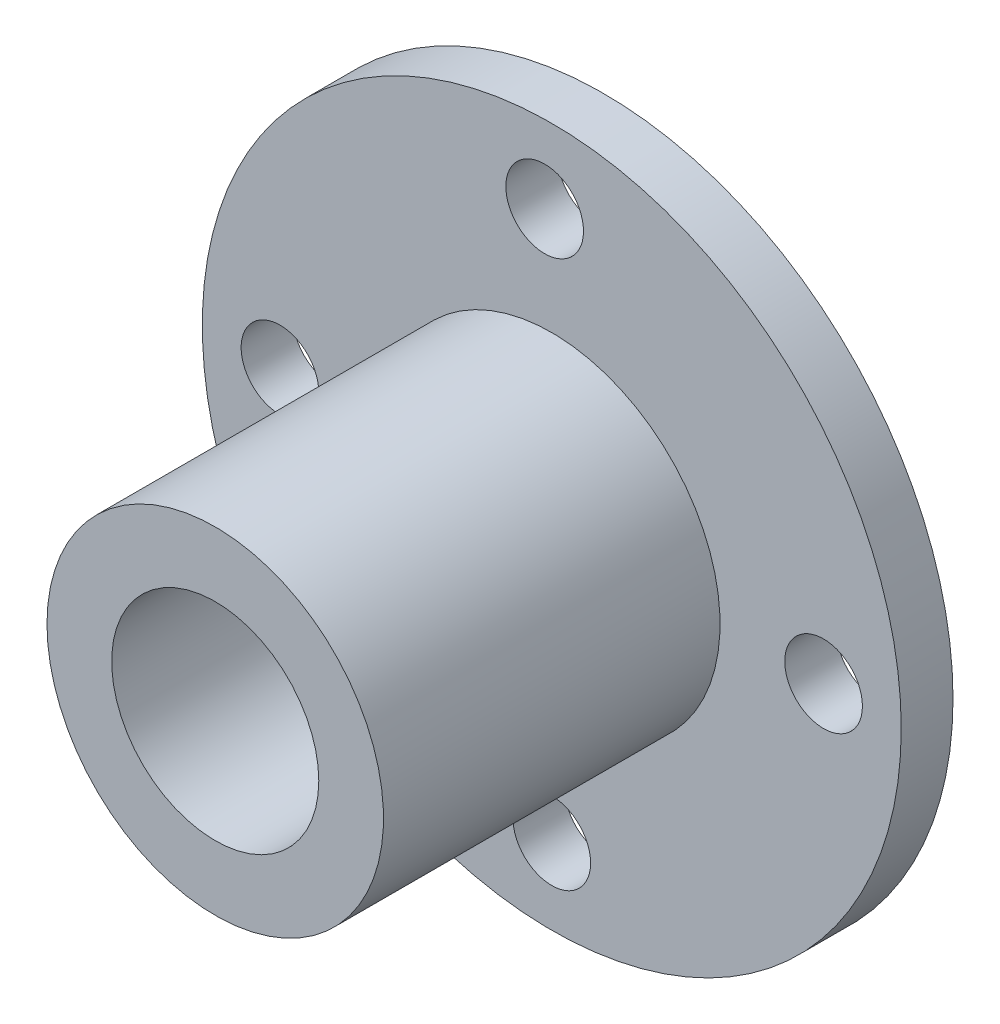
ISO-10303-21;
HEADER;
FILE_DESCRIPTION(('STEP AP214'),'2;1');
FILE_NAME('part.step','',(''),(''),'','','');
FILE_SCHEMA(('AUTOMOTIVE_DESIGN { 1 0 10303 214 1 1 1 1 }'));
ENDSEC;
DATA;
#1=APPLICATION_CONTEXT('core data for automotive mechanical design processes');
#2=APPLICATION_PROTOCOL_DEFINITION('international standard','automotive_design',2000,#1);
#3=PRODUCT_CONTEXT('',#1,'mechanical');
#4=PRODUCT('Part','Part','',(#3));
#5=PRODUCT_RELATED_PRODUCT_CATEGORY('part','',(#4));
#6=PRODUCT_DEFINITION_FORMATION('','',#4);
#7=PRODUCT_DEFINITION_CONTEXT('part definition',#1,'design');
#8=PRODUCT_DEFINITION('design','',#6,#7);
#9=PRODUCT_DEFINITION_SHAPE('','',#8);
#10=(LENGTH_UNIT() NAMED_UNIT(*) SI_UNIT(.MILLI.,.METRE.));
#11=(NAMED_UNIT(*) PLANE_ANGLE_UNIT() SI_UNIT($,.RADIAN.));
#12=(NAMED_UNIT(*) SI_UNIT($,.STERADIAN.) SOLID_ANGLE_UNIT());
#13=UNCERTAINTY_MEASURE_WITH_UNIT(LENGTH_MEASURE(1.E-05),#10,'distance_accuracy_value','');
#14=(GEOMETRIC_REPRESENTATION_CONTEXT(3) GLOBAL_UNCERTAINTY_ASSIGNED_CONTEXT((#13)) GLOBAL_UNIT_ASSIGNED_CONTEXT((#10,
#11,#12)) REPRESENTATION_CONTEXT('',''));
#15=CARTESIAN_POINT('',(0.,0.,0.));
#16=DIRECTION('',(0.,0.,1.));
#17=DIRECTION('',(1.,0.,0.));
#18=AXIS2_PLACEMENT_3D('',#15,#16,#17);
#19=CARTESIAN_POINT('',(0.,0.,2.));
#20=DIRECTION('',(0.,0.,-1.));
#21=DIRECTION('',(-1.,0.,0.));
#22=AXIS2_PLACEMENT_3D('',#19,#20,#21);
#23=CYLINDRICAL_SURFACE('',#22,13.5);
#24=CARTESIAN_POINT('',(0.,0.,2.));
#25=DIRECTION('',(0.,0.,1.));
#26=DIRECTION('',(1.,0.,0.));
#27=AXIS2_PLACEMENT_3D('',#24,#25,#26);
#28=CIRCLE('',#27,13.5);
#29=CARTESIAN_POINT('',(13.5,0.,2.));
#30=VERTEX_POINT('',#29);
#31=EDGE_CURVE('E50',#30,#30,#28,.T.);
#32=ORIENTED_EDGE('',*,*,#31,.F.);
#33=EDGE_LOOP('',(#32));
#34=FACE_BOUND('',#33,.T.);
#35=CARTESIAN_POINT('',(0.,0.,0.));
#36=DIRECTION('',(0.,0.,1.));
#37=DIRECTION('',(1.,0.,0.));
#38=AXIS2_PLACEMENT_3D('',#35,#36,#37);
#39=CIRCLE('',#38,13.5);
#40=CARTESIAN_POINT('',(13.5,0.,0.));
#41=VERTEX_POINT('',#40);
#42=EDGE_CURVE('E55',#41,#41,#39,.T.);
#43=ORIENTED_EDGE('',*,*,#42,.T.);
#44=EDGE_LOOP('',(#43));
#45=FACE_BOUND('',#44,.T.);
#46=ADVANCED_FACE('F43',(#34,#45),#23,.T.);
#47=CARTESIAN_POINT('',(0.,0.,2.));
#48=DIRECTION('',(0.,0.,1.));
#49=DIRECTION('',(1.,0.,0.));
#50=AXIS2_PLACEMENT_3D('',#47,#48,#49);
#51=PLANE('',#50);
#52=CARTESIAN_POINT('',(-10.5,0.,2.));
#53=DIRECTION('',(0.,0.,1.));
#54=DIRECTION('',(1.,0.,0.));
#55=AXIS2_PLACEMENT_3D('',#52,#53,#54);
#56=CIRCLE('',#55,1.5);
#57=CARTESIAN_POINT('',(-9.,0.,2.));
#58=VERTEX_POINT('',#57);
#59=EDGE_CURVE('E67',#58,#58,#56,.T.);
#60=ORIENTED_EDGE('',*,*,#59,.F.);
#61=EDGE_LOOP('',(#60));
#62=FACE_BOUND('',#61,.T.);
#63=CARTESIAN_POINT('',(-0.274707958544668,10.5,2.));
#64=DIRECTION('',(0.,0.,1.));
#65=DIRECTION('',(1.,0.,0.));
#66=AXIS2_PLACEMENT_3D('',#63,#64,#65);
#67=CIRCLE('',#66,1.5);
#68=CARTESIAN_POINT('',(1.22529204145533,10.5,2.));
#69=VERTEX_POINT('',#68);
#70=EDGE_CURVE('E90',#69,#69,#67,.T.);
#71=ORIENTED_EDGE('',*,*,#70,.F.);
#72=EDGE_LOOP('',(#71));
#73=FACE_BOUND('',#72,.T.);
#74=CARTESIAN_POINT('',(10.5,0.,2.));
#75=DIRECTION('',(0.,0.,1.));
#76=DIRECTION('',(1.,0.,0.));
#77=AXIS2_PLACEMENT_3D('',#74,#75,#76);
#78=CIRCLE('',#77,1.5);
#79=CARTESIAN_POINT('',(12.,0.,2.));
#80=VERTEX_POINT('',#79);
#81=EDGE_CURVE('E87',#80,#80,#78,.T.);
#82=ORIENTED_EDGE('',*,*,#81,.F.);
#83=EDGE_LOOP('',(#82));
#84=FACE_BOUND('',#83,.T.);
#85=CARTESIAN_POINT('',(0.,-10.5,2.));
#86=DIRECTION('',(0.,0.,1.));
#87=DIRECTION('',(1.,0.,0.));
#88=AXIS2_PLACEMENT_3D('',#85,#86,#87);
#89=CIRCLE('',#88,1.5);
#90=CARTESIAN_POINT('',(1.5,-10.5,2.));
#91=VERTEX_POINT('',#90);
#92=EDGE_CURVE('E84',#91,#91,#89,.T.);
#93=ORIENTED_EDGE('',*,*,#92,.F.);
#94=EDGE_LOOP('',(#93));
#95=FACE_BOUND('',#94,.T.);
#96=CARTESIAN_POINT('',(0.,0.,2.));
#97=DIRECTION('',(0.,0.,1.));
#98=DIRECTION('',(1.,0.,0.));
#99=AXIS2_PLACEMENT_3D('',#96,#97,#98);
#100=CIRCLE('',#99,6.5);
#101=CARTESIAN_POINT('',(-6.5,0.,2.));
#102=VERTEX_POINT('',#101);
#103=EDGE_CURVE('E10',#102,#102,#100,.T.);
#104=ORIENTED_EDGE('',*,*,#103,.F.);
#105=EDGE_LOOP('',(#104));
#106=FACE_BOUND('',#105,.T.);
#107=ORIENTED_EDGE('',*,*,#31,.T.);
#108=EDGE_LOOP('',(#107));
#109=FACE_BOUND('',#108,.T.);
#110=ADVANCED_FACE('F99',(#62,#73,#84,#95,#106,#109),#51,.T.);
#111=CARTESIAN_POINT('',(0.,0.,0.));
#112=DIRECTION('',(0.,0.,1.));
#113=DIRECTION('',(1.,0.,0.));
#114=AXIS2_PLACEMENT_3D('',#111,#112,#113);
#115=PLANE('',#114);
#116=CARTESIAN_POINT('',(-10.5,0.,0.));
#117=DIRECTION('',(0.,0.,1.));
#118=DIRECTION('',(1.,0.,0.));
#119=AXIS2_PLACEMENT_3D('',#116,#117,#118);
#120=CIRCLE('',#119,1.5);
#121=CARTESIAN_POINT('',(-9.,0.,0.));
#122=VERTEX_POINT('',#121);
#123=EDGE_CURVE('E46',#122,#122,#120,.T.);
#124=ORIENTED_EDGE('',*,*,#123,.T.);
#125=EDGE_LOOP('',(#124));
#126=FACE_BOUND('',#125,.T.);
#127=CARTESIAN_POINT('',(-0.274707958544668,10.5,0.));
#128=DIRECTION('',(0.,0.,1.));
#129=DIRECTION('',(1.,0.,0.));
#130=AXIS2_PLACEMENT_3D('',#127,#128,#129);
#131=CIRCLE('',#130,1.5);
#132=CARTESIAN_POINT('',(1.22529204145533,10.5,0.));
#133=VERTEX_POINT('',#132);
#134=EDGE_CURVE('E69',#133,#133,#131,.T.);
#135=ORIENTED_EDGE('',*,*,#134,.T.);
#136=EDGE_LOOP('',(#135));
#137=FACE_BOUND('',#136,.T.);
#138=CARTESIAN_POINT('',(10.5,0.,0.));
#139=DIRECTION('',(0.,0.,1.));
#140=DIRECTION('',(1.,0.,0.));
#141=AXIS2_PLACEMENT_3D('',#138,#139,#140);
#142=CIRCLE('',#141,1.5);
#143=CARTESIAN_POINT('',(12.,0.,0.));
#144=VERTEX_POINT('',#143);
#145=EDGE_CURVE('E66',#144,#144,#142,.T.);
#146=ORIENTED_EDGE('',*,*,#145,.T.);
#147=EDGE_LOOP('',(#146));
#148=FACE_BOUND('',#147,.T.);
#149=CARTESIAN_POINT('',(0.,-10.5,0.));
#150=DIRECTION('',(0.,0.,1.));
#151=DIRECTION('',(1.,0.,0.));
#152=AXIS2_PLACEMENT_3D('',#149,#150,#151);
#153=CIRCLE('',#152,1.5);
#154=CARTESIAN_POINT('',(1.5,-10.5,0.));
#155=VERTEX_POINT('',#154);
#156=EDGE_CURVE('E63',#155,#155,#153,.T.);
#157=ORIENTED_EDGE('',*,*,#156,.T.);
#158=EDGE_LOOP('',(#157));
#159=FACE_BOUND('',#158,.T.);
#160=CARTESIAN_POINT('',(0.,0.,0.));
#161=DIRECTION('',(0.,0.,1.));
#162=DIRECTION('',(1.,0.,0.));
#163=AXIS2_PLACEMENT_3D('',#160,#161,#162);
#164=CIRCLE('',#163,4.);
#165=CARTESIAN_POINT('',(4.,0.,0.));
#166=VERTEX_POINT('',#165);
#167=EDGE_CURVE('E78',#166,#166,#164,.T.);
#168=ORIENTED_EDGE('',*,*,#167,.T.);
#169=EDGE_LOOP('',(#168));
#170=FACE_BOUND('',#169,.T.);
#171=ORIENTED_EDGE('',*,*,#42,.F.);
#172=EDGE_LOOP('',(#171));
#173=FACE_BOUND('',#172,.T.);
#174=ADVANCED_FACE('F102',(#126,#137,#148,#159,#170,#173),#115,.F.);
#175=CARTESIAN_POINT('',(0.,0.,15.));
#176=DIRECTION('',(0.,0.,-1.));
#177=DIRECTION('',(-1.,0.,0.));
#178=AXIS2_PLACEMENT_3D('',#175,#176,#177);
#179=CYLINDRICAL_SURFACE('',#178,6.5);
#180=CARTESIAN_POINT('',(0.,0.,15.));
#181=DIRECTION('',(0.,0.,1.));
#182=DIRECTION('',(1.,0.,0.));
#183=AXIS2_PLACEMENT_3D('',#180,#181,#182);
#184=CIRCLE('',#183,6.5);
#185=CARTESIAN_POINT('',(-6.5,0.,15.));
#186=VERTEX_POINT('',#185);
#187=EDGE_CURVE('E58',#186,#186,#184,.T.);
#188=CARTESIAN_POINT('',(-6.5,0.,15.));
#189=CARTESIAN_POINT('',(-6.5,0.,14.8645833333333));
#190=CARTESIAN_POINT('',(-6.5,0.,14.7291666666667));
#191=CARTESIAN_POINT('',(-6.5,0.,14.4583333333333));
#192=CARTESIAN_POINT('',(-6.5,0.,14.3229166666667));
#193=CARTESIAN_POINT('',(-6.5,0.,14.0520833333333));
#194=CARTESIAN_POINT('',(-6.5,0.,13.9166666666667));
#195=CARTESIAN_POINT('',(-6.5,0.,13.6458333333333));
#196=CARTESIAN_POINT('',(-6.5,0.,13.5104166666667));
#197=CARTESIAN_POINT('',(-6.5,0.,13.2395833333333));
#198=CARTESIAN_POINT('',(-6.5,0.,13.1041666666667));
#199=CARTESIAN_POINT('',(-6.5,0.,12.8333333333333));
#200=CARTESIAN_POINT('',(-6.5,0.,12.6979166666667));
#201=CARTESIAN_POINT('',(-6.5,0.,12.4270833333333));
#202=CARTESIAN_POINT('',(-6.5,0.,12.2916666666667));
#203=CARTESIAN_POINT('',(-6.5,0.,12.0208333333333));
#204=CARTESIAN_POINT('',(-6.5,0.,11.8854166666667));
#205=CARTESIAN_POINT('',(-6.5,0.,11.6145833333333));
#206=CARTESIAN_POINT('',(-6.5,0.,11.4791666666667));
#207=CARTESIAN_POINT('',(-6.5,0.,11.2083333333333));
#208=CARTESIAN_POINT('',(-6.5,0.,11.0729166666667));
#209=CARTESIAN_POINT('',(-6.5,0.,10.8020833333333));
#210=CARTESIAN_POINT('',(-6.5,0.,10.6666666666667));
#211=CARTESIAN_POINT('',(-6.5,0.,10.3958333333333));
#212=CARTESIAN_POINT('',(-6.5,0.,10.2604166666667));
#213=CARTESIAN_POINT('',(-6.5,0.,9.98958333333333));
#214=CARTESIAN_POINT('',(-6.5,0.,9.85416666666667));
#215=CARTESIAN_POINT('',(-6.5,0.,9.58333333333333));
#216=CARTESIAN_POINT('',(-6.5,0.,9.44791666666667));
#217=CARTESIAN_POINT('',(-6.5,0.,9.17708333333333));
#218=CARTESIAN_POINT('',(-6.5,0.,9.04166666666667));
#219=CARTESIAN_POINT('',(-6.5,0.,8.77083333333333));
#220=CARTESIAN_POINT('',(-6.5,0.,8.63541666666667));
#221=CARTESIAN_POINT('',(-6.5,0.,8.36458333333333));
#222=CARTESIAN_POINT('',(-6.5,0.,8.22916666666667));
#223=CARTESIAN_POINT('',(-6.5,0.,7.95833333333333));
#224=CARTESIAN_POINT('',(-6.5,0.,7.82291666666667));
#225=CARTESIAN_POINT('',(-6.5,0.,7.55208333333333));
#226=CARTESIAN_POINT('',(-6.5,0.,7.41666666666667));
#227=CARTESIAN_POINT('',(-6.5,0.,7.14583333333333));
#228=CARTESIAN_POINT('',(-6.5,0.,7.01041666666667));
#229=CARTESIAN_POINT('',(-6.5,0.,6.73958333333333));
#230=CARTESIAN_POINT('',(-6.5,0.,6.60416666666667));
#231=CARTESIAN_POINT('',(-6.5,0.,6.33333333333333));
#232=CARTESIAN_POINT('',(-6.5,0.,6.19791666666667));
#233=CARTESIAN_POINT('',(-6.5,0.,5.92708333333333));
#234=CARTESIAN_POINT('',(-6.5,0.,5.79166666666667));
#235=CARTESIAN_POINT('',(-6.5,0.,5.52083333333333));
#236=CARTESIAN_POINT('',(-6.5,0.,5.38541666666667));
#237=CARTESIAN_POINT('',(-6.5,0.,5.11458333333333));
#238=CARTESIAN_POINT('',(-6.5,0.,4.97916666666667));
#239=CARTESIAN_POINT('',(-6.5,0.,4.70833333333333));
#240=CARTESIAN_POINT('',(-6.5,0.,4.57291666666667));
#241=CARTESIAN_POINT('',(-6.5,0.,4.30208333333333));
#242=CARTESIAN_POINT('',(-6.5,0.,4.16666666666667));
#243=CARTESIAN_POINT('',(-6.5,0.,3.89583333333333));
#244=CARTESIAN_POINT('',(-6.5,0.,3.76041666666667));
#245=CARTESIAN_POINT('',(-6.5,0.,3.48958333333333));
#246=CARTESIAN_POINT('',(-6.5,0.,3.35416666666667));
#247=CARTESIAN_POINT('',(-6.5,0.,3.08333333333333));
#248=CARTESIAN_POINT('',(-6.5,0.,2.94791666666667));
#249=CARTESIAN_POINT('',(-6.5,0.,2.67708333333333));
#250=CARTESIAN_POINT('',(-6.5,0.,2.54166666666667));
#251=CARTESIAN_POINT('',(-6.5,0.,2.27083333333333));
#252=CARTESIAN_POINT('',(-6.5,0.,2.13541666666667));
#253=CARTESIAN_POINT('',(-6.5,0.,2.));
#254=B_SPLINE_CURVE_WITH_KNOTS('',3,(#188,#189,#190,#191,#192,#193,#194,#195,#196,#197,#198,
#199,#200,#201,#202,#203,#204,#205,#206,#207,#208,#209,#210,#211,#212,#213,#214,#215,#216,#217,
#218,#219,#220,#221,#222,#223,#224,#225,#226,#227,#228,#229,#230,#231,#232,#233,#234,#235,#236,
#237,#238,#239,#240,#241,#242,#243,#244,#245,#246,#247,#248,#249,#250,#251,#252,#253),
.UNSPECIFIED.,.F.,.F.,(4,2,2,2,2,2,2,2,2,2,2,2,2,2,2,2,2,2,2,2,2,2,2,2,2,2,2,2,2,2,2,2,4),(0.,
0.406249999999999,0.812499999999999,1.21875,1.625,2.03125,2.4375,2.84375,3.25,3.65625,4.0625,
4.46875,4.875,5.28125,5.6875,6.09375,6.5,6.90625,7.3125,7.71875,8.125,8.53125,8.9375,9.34375,
9.75,10.15625,10.5625,10.96875,11.375,11.78125,12.1875,12.59375,13.),.UNSPECIFIED.);
#255=EDGE_CURVE('BSEAM118',#186,#102,#254,.T.);
#256=ORIENTED_EDGE('',*,*,#187,.F.);
#257=ORIENTED_EDGE('',*,*,#103,.T.);
#258=ORIENTED_EDGE('',*,*,#255,.T.);
#259=ORIENTED_EDGE('',*,*,#255,.F.);
#260=EDGE_LOOP('',(#256,#258,#257,#259));
#261=FACE_BOUND('',#260,.T.);
#262=ADVANCED_FACE('F118',(#261),#179,.T.);
#263=CARTESIAN_POINT('',(0.,0.,15.));
#264=DIRECTION('',(0.,0.,1.));
#265=DIRECTION('',(1.,0.,0.));
#266=AXIS2_PLACEMENT_3D('',#263,#264,#265);
#267=PLANE('',#266);
#268=CARTESIAN_POINT('',(0.,0.,15.));
#269=DIRECTION('',(0.,0.,1.));
#270=DIRECTION('',(1.,0.,0.));
#271=AXIS2_PLACEMENT_3D('',#268,#269,#270);
#272=CIRCLE('',#271,4.);
#273=CARTESIAN_POINT('',(4.,0.,15.));
#274=VERTEX_POINT('',#273);
#275=EDGE_CURVE('E74',#274,#274,#272,.T.);
#276=ORIENTED_EDGE('',*,*,#275,.F.);
#277=EDGE_LOOP('',(#276));
#278=FACE_BOUND('',#277,.T.);
#279=ORIENTED_EDGE('',*,*,#187,.T.);
#280=EDGE_LOOP('',(#279));
#281=FACE_BOUND('',#280,.T.);
#282=ADVANCED_FACE('F123',(#278,#281),#267,.T.);
#283=CARTESIAN_POINT('',(0.,0.,0.));
#284=DIRECTION('',(0.,0.,1.));
#285=DIRECTION('',(1.,0.,0.));
#286=AXIS2_PLACEMENT_3D('',#283,#284,#285);
#287=CYLINDRICAL_SURFACE('',#286,4.);
#288=ORIENTED_EDGE('',*,*,#167,.F.);
#289=EDGE_LOOP('',(#288));
#290=FACE_BOUND('',#289,.T.);
#291=ORIENTED_EDGE('',*,*,#275,.T.);
#292=EDGE_LOOP('',(#291));
#293=FACE_BOUND('',#292,.T.);
#294=ADVANCED_FACE('F129',(#290,#293),#287,.F.);
#295=CARTESIAN_POINT('',(0.,-10.5,-13.));
#296=DIRECTION('',(0.,0.,1.));
#297=DIRECTION('',(1.,0.,0.));
#298=AXIS2_PLACEMENT_3D('',#295,#296,#297);
#299=CYLINDRICAL_SURFACE('',#298,1.5);
#300=ORIENTED_EDGE('',*,*,#92,.T.);
#301=EDGE_LOOP('',(#300));
#302=FACE_BOUND('',#301,.T.);
#303=ORIENTED_EDGE('',*,*,#156,.F.);
#304=EDGE_LOOP('',(#303));
#305=FACE_BOUND('',#304,.T.);
#306=ADVANCED_FACE('F133',(#302,#305),#299,.F.);
#307=CARTESIAN_POINT('',(10.5,0.,-13.));
#308=DIRECTION('',(0.,0.,1.));
#309=DIRECTION('',(1.,0.,0.));
#310=AXIS2_PLACEMENT_3D('',#307,#308,#309);
#311=CYLINDRICAL_SURFACE('',#310,1.5);
#312=ORIENTED_EDGE('',*,*,#81,.T.);
#313=EDGE_LOOP('',(#312));
#314=FACE_BOUND('',#313,.T.);
#315=ORIENTED_EDGE('',*,*,#145,.F.);
#316=EDGE_LOOP('',(#315));
#317=FACE_BOUND('',#316,.T.);
#318=ADVANCED_FACE('F136',(#314,#317),#311,.F.);
#319=CARTESIAN_POINT('',(-0.274707958544668,10.5,-13.));
#320=DIRECTION('',(0.,0.,1.));
#321=DIRECTION('',(1.,0.,0.));
#322=AXIS2_PLACEMENT_3D('',#319,#320,#321);
#323=CYLINDRICAL_SURFACE('',#322,1.5);
#324=ORIENTED_EDGE('',*,*,#70,.T.);
#325=EDGE_LOOP('',(#324));
#326=FACE_BOUND('',#325,.T.);
#327=ORIENTED_EDGE('',*,*,#134,.F.);
#328=EDGE_LOOP('',(#327));
#329=FACE_BOUND('',#328,.T.);
#330=ADVANCED_FACE('F140',(#326,#329),#323,.F.);
#331=CARTESIAN_POINT('',(-10.5,0.,-13.));
#332=DIRECTION('',(0.,0.,1.));
#333=DIRECTION('',(1.,0.,0.));
#334=AXIS2_PLACEMENT_3D('',#331,#332,#333);
#335=CYLINDRICAL_SURFACE('',#334,1.5);
#336=ORIENTED_EDGE('',*,*,#59,.T.);
#337=EDGE_LOOP('',(#336));
#338=FACE_BOUND('',#337,.T.);
#339=ORIENTED_EDGE('',*,*,#123,.F.);
#340=EDGE_LOOP('',(#339));
#341=FACE_BOUND('',#340,.T.);
#342=ADVANCED_FACE('F96',(#338,#341),#335,.F.);
#343=CLOSED_SHELL('',(#46,#110,#174,#262,#282,#294,#306,#318,#330,#342));
#344=MANIFOLD_SOLID_BREP('B2',#343);
#345=ADVANCED_BREP_SHAPE_REPRESENTATION('',(#18,#344),#14);
#346=SHAPE_DEFINITION_REPRESENTATION(#9,#345);
ENDSEC;
END-ISO-10303-21;

# What you need to do
Where does "UNSPECIFIED" occur in the data? Copy each line that has it.

# Exercise result
.UNSPECIFIED.,.F.,.F.,(4,2,2,2,2,2,2,2,2,2,2,2,2,2,2,2,2,2,2,2,2,2,2,2,2,2,2,2,2,2,2,2,4),(0.,
9.75,10.15625,10.5625,10.96875,11.375,11.78125,12.1875,12.59375,13.),.UNSPECIFIED.);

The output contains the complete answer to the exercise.